PROBLEM DETAILS:
Where does the word "Analog" show up in the data? Please find each such line and copy it.

===== RECORDS SHOWN =====

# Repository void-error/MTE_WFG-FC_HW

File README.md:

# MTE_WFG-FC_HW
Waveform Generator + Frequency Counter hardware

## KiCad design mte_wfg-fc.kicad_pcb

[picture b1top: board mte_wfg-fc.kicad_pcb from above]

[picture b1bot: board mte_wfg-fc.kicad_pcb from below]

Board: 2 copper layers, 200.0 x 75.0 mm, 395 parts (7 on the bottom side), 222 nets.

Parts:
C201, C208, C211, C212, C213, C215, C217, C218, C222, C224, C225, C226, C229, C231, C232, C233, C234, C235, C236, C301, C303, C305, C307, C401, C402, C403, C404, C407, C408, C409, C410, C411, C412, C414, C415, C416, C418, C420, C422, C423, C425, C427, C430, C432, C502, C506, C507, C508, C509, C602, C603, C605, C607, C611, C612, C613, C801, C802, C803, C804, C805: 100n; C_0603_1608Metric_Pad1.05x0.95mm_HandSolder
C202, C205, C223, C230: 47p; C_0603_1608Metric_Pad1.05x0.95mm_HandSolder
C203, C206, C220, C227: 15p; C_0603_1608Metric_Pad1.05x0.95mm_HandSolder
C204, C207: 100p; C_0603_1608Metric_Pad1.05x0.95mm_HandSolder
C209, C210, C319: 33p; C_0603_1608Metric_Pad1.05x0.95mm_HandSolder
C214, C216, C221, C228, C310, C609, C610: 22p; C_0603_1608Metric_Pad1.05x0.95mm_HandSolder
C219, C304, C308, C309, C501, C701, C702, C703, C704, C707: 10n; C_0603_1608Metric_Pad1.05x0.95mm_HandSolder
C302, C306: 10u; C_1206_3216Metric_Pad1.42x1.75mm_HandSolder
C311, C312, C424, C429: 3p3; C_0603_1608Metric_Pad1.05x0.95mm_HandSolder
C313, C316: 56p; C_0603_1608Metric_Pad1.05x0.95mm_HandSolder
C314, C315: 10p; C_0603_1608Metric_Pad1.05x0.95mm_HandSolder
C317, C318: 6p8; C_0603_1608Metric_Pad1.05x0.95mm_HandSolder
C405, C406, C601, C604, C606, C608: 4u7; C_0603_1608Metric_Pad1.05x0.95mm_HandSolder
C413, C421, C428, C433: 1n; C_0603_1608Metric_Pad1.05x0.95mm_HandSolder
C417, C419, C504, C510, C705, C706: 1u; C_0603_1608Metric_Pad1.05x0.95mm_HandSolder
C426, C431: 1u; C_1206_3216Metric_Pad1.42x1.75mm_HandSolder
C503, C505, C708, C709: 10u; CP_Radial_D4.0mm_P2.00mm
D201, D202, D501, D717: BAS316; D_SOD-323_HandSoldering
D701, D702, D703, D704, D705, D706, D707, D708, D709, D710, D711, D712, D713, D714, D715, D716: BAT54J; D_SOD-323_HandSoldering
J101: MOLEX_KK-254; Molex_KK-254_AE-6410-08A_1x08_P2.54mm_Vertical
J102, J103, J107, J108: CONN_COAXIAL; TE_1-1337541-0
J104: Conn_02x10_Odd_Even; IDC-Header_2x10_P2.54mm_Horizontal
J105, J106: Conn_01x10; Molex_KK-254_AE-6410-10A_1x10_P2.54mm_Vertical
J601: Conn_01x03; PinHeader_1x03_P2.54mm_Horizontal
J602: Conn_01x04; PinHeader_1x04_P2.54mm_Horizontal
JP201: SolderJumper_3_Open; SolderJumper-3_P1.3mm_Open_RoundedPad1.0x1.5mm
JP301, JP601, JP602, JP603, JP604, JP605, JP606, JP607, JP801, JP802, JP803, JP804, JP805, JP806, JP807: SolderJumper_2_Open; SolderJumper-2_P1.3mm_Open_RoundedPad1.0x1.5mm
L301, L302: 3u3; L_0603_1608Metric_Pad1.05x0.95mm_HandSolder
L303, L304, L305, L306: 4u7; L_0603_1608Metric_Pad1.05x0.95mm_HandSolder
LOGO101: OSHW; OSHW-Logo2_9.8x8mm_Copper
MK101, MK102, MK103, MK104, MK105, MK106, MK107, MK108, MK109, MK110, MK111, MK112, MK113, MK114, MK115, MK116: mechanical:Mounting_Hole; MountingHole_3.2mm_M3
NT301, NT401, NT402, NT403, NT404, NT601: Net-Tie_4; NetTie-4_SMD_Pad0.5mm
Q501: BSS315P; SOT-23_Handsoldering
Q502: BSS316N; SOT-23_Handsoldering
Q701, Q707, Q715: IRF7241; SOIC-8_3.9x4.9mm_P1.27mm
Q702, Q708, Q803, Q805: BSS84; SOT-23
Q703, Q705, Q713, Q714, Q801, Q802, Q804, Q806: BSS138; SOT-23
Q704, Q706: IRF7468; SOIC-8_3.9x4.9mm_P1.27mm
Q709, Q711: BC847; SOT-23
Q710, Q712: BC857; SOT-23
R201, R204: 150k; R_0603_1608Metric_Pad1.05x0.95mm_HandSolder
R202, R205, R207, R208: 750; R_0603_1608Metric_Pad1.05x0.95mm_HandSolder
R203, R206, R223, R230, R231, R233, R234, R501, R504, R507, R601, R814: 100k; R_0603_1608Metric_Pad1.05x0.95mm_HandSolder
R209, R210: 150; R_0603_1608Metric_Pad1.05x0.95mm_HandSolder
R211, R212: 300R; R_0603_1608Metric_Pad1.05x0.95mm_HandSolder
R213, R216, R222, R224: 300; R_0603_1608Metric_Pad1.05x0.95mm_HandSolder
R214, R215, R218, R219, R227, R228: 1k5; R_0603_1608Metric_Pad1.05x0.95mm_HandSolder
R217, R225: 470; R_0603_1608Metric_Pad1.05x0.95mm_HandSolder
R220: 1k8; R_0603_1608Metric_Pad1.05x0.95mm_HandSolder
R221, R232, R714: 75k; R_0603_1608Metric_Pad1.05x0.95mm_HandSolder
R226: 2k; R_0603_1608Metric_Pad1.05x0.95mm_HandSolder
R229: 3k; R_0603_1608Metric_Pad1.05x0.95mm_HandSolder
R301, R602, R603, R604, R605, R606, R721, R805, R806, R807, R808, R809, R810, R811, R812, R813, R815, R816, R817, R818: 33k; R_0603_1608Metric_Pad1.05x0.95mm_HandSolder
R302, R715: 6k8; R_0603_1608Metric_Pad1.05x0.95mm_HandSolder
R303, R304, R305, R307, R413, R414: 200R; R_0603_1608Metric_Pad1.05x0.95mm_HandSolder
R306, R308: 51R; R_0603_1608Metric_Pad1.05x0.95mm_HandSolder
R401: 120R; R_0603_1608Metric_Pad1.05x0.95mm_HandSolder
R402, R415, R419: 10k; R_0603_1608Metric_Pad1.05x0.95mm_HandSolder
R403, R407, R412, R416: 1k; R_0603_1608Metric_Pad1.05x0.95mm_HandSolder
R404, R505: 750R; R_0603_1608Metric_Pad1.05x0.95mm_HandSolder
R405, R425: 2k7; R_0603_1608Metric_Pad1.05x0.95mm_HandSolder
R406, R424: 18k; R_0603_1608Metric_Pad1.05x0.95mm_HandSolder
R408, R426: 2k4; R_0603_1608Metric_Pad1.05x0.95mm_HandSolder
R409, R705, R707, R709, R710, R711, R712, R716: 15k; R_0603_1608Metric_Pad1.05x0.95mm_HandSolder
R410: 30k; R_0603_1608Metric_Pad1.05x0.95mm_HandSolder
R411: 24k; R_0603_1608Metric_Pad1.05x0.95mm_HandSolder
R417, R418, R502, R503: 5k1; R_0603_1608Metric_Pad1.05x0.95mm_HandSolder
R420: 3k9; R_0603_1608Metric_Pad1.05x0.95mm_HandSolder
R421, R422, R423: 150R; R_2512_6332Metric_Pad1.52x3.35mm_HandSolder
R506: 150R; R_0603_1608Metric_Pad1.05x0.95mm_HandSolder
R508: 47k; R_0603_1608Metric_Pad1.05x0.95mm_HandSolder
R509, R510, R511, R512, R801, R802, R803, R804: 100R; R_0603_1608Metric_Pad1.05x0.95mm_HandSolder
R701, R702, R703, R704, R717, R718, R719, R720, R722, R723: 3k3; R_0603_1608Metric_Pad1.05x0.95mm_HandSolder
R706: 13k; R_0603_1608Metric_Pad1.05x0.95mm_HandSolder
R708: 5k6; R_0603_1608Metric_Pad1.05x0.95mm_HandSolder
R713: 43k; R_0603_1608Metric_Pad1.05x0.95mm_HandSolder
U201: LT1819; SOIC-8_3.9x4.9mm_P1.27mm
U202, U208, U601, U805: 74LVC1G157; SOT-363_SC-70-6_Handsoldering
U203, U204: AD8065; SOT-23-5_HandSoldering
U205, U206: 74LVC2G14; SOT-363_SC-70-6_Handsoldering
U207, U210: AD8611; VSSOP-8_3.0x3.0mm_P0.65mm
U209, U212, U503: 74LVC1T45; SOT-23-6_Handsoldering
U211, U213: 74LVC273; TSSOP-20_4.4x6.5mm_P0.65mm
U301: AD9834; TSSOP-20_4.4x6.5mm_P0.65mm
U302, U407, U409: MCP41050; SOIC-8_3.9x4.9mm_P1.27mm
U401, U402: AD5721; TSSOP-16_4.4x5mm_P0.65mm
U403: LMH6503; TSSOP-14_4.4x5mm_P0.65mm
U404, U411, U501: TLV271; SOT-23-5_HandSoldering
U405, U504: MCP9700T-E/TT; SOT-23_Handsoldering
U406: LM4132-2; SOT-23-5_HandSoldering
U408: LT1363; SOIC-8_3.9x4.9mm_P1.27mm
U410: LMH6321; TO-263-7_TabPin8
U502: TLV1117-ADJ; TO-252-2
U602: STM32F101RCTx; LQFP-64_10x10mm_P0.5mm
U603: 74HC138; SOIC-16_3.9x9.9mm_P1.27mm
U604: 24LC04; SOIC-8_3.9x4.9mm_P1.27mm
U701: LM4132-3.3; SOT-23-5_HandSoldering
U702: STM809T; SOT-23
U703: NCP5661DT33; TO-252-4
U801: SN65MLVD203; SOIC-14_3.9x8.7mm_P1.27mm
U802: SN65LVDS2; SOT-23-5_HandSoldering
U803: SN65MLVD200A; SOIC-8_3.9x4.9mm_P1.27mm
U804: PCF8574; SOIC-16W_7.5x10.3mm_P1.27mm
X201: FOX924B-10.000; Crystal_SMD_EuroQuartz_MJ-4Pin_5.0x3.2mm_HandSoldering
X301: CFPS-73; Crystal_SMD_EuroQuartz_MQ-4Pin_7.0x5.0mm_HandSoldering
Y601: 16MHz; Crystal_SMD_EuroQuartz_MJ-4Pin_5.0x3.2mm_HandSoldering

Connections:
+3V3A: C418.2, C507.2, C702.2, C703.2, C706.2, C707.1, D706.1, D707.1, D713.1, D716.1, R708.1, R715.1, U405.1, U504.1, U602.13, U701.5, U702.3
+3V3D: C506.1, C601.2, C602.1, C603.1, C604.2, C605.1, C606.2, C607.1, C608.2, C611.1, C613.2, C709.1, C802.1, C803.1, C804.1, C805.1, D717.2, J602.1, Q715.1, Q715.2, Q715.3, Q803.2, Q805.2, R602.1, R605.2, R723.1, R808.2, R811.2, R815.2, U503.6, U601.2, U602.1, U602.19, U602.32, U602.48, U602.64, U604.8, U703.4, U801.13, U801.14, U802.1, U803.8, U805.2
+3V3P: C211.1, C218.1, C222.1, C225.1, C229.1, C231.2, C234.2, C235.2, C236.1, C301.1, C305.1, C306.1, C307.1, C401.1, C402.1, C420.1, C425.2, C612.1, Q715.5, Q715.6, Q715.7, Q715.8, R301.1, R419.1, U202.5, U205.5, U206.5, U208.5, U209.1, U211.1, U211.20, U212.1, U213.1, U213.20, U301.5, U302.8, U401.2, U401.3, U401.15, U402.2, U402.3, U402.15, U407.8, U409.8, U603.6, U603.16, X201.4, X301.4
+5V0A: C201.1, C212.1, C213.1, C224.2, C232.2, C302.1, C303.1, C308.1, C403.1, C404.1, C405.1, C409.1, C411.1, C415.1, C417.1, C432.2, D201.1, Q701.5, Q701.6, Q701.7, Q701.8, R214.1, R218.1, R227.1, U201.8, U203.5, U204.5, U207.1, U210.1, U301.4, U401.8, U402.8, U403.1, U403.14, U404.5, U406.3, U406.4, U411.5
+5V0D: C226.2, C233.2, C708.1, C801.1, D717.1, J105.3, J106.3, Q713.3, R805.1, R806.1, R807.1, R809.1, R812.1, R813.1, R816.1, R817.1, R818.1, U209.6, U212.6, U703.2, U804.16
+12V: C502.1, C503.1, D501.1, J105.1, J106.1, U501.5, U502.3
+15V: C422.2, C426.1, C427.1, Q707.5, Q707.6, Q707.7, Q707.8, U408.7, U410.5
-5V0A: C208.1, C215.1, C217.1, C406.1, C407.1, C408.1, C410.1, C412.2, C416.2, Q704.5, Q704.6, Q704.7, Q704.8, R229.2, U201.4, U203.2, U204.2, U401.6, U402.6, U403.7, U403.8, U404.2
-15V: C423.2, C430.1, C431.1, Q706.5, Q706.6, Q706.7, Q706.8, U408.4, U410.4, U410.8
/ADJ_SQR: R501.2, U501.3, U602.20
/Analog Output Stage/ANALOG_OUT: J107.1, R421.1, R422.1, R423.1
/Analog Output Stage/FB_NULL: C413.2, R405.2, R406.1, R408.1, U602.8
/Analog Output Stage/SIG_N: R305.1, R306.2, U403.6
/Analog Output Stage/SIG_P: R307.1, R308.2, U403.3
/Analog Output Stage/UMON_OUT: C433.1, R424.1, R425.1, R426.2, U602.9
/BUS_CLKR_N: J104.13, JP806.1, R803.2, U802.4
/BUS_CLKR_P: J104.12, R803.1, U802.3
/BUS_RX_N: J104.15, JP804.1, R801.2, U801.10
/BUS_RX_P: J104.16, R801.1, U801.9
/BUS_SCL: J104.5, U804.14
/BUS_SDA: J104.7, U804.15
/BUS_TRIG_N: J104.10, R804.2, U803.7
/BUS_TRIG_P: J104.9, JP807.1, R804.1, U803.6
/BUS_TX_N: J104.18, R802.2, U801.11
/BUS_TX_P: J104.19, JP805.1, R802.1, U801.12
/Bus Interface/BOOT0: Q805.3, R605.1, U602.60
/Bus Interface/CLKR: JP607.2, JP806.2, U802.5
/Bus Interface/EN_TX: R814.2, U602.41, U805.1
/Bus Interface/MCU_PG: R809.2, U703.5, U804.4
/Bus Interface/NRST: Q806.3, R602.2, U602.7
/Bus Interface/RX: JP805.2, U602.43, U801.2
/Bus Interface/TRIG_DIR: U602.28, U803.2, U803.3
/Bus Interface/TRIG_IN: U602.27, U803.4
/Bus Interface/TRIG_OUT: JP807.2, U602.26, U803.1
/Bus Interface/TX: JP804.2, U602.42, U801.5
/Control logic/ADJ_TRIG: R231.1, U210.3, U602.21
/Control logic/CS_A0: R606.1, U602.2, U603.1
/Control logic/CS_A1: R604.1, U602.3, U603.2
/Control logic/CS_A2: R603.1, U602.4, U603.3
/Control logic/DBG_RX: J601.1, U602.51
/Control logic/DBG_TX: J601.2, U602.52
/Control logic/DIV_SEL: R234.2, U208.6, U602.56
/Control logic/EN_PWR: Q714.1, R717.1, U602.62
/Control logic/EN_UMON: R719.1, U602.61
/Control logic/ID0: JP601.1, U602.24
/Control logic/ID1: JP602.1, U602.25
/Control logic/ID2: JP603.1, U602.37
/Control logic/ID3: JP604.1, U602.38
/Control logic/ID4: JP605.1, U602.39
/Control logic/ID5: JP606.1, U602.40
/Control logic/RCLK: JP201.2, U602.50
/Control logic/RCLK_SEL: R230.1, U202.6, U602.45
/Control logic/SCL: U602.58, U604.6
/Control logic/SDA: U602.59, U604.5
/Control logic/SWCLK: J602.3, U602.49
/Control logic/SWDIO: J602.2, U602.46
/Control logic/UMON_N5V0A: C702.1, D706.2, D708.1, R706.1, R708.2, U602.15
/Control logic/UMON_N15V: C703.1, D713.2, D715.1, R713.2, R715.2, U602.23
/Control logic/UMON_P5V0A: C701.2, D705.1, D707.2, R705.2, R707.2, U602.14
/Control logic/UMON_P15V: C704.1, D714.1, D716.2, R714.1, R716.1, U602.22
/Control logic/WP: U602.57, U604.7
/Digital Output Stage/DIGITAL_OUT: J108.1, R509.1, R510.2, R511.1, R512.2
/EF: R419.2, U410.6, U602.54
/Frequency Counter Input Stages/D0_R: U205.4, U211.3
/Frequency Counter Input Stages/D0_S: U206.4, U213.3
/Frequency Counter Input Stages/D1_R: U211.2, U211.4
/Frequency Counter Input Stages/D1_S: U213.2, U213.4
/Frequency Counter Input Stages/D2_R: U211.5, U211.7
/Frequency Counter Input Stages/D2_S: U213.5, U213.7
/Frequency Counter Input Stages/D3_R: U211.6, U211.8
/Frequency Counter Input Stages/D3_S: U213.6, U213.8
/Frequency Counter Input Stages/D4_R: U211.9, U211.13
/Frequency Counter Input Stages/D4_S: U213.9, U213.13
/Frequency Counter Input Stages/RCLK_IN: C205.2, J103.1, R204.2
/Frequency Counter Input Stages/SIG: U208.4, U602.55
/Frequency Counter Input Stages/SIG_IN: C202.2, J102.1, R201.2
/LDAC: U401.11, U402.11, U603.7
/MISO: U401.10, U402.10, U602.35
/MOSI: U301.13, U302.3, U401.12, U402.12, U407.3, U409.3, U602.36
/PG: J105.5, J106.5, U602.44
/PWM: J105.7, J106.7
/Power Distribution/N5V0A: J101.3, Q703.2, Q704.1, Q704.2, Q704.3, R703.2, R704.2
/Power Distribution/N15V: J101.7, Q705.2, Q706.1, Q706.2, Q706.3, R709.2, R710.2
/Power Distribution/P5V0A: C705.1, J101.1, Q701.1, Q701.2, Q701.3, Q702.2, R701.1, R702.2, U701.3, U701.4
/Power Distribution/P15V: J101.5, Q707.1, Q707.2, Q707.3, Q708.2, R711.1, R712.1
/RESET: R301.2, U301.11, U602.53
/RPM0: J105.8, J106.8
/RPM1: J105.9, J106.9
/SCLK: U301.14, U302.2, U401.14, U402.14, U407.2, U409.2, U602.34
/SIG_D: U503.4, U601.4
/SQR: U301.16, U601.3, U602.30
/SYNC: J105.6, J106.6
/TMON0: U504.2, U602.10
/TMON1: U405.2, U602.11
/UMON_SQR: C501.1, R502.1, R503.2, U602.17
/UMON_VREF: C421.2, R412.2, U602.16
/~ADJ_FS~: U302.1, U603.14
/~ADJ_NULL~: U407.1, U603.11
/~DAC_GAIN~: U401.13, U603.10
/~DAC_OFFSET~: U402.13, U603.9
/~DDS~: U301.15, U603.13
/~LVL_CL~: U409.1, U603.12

=====

WRITTEN SOLUTION:
/Analog Output Stage/ANALOG_OUT: J107.1, R421.1, R422.1, R423.1
/Analog Output Stage/FB_NULL: C413.2, R405.2, R406.1, R408.1, U602.8
/Analog Output Stage/SIG_N: R305.1, R306.2, U403.6
/Analog Output Stage/SIG_P: R307.1, R308.2, U403.3
/Analog Output Stage/UMON_OUT: C433.1, R424.1, R425.1, R426.2, U602.9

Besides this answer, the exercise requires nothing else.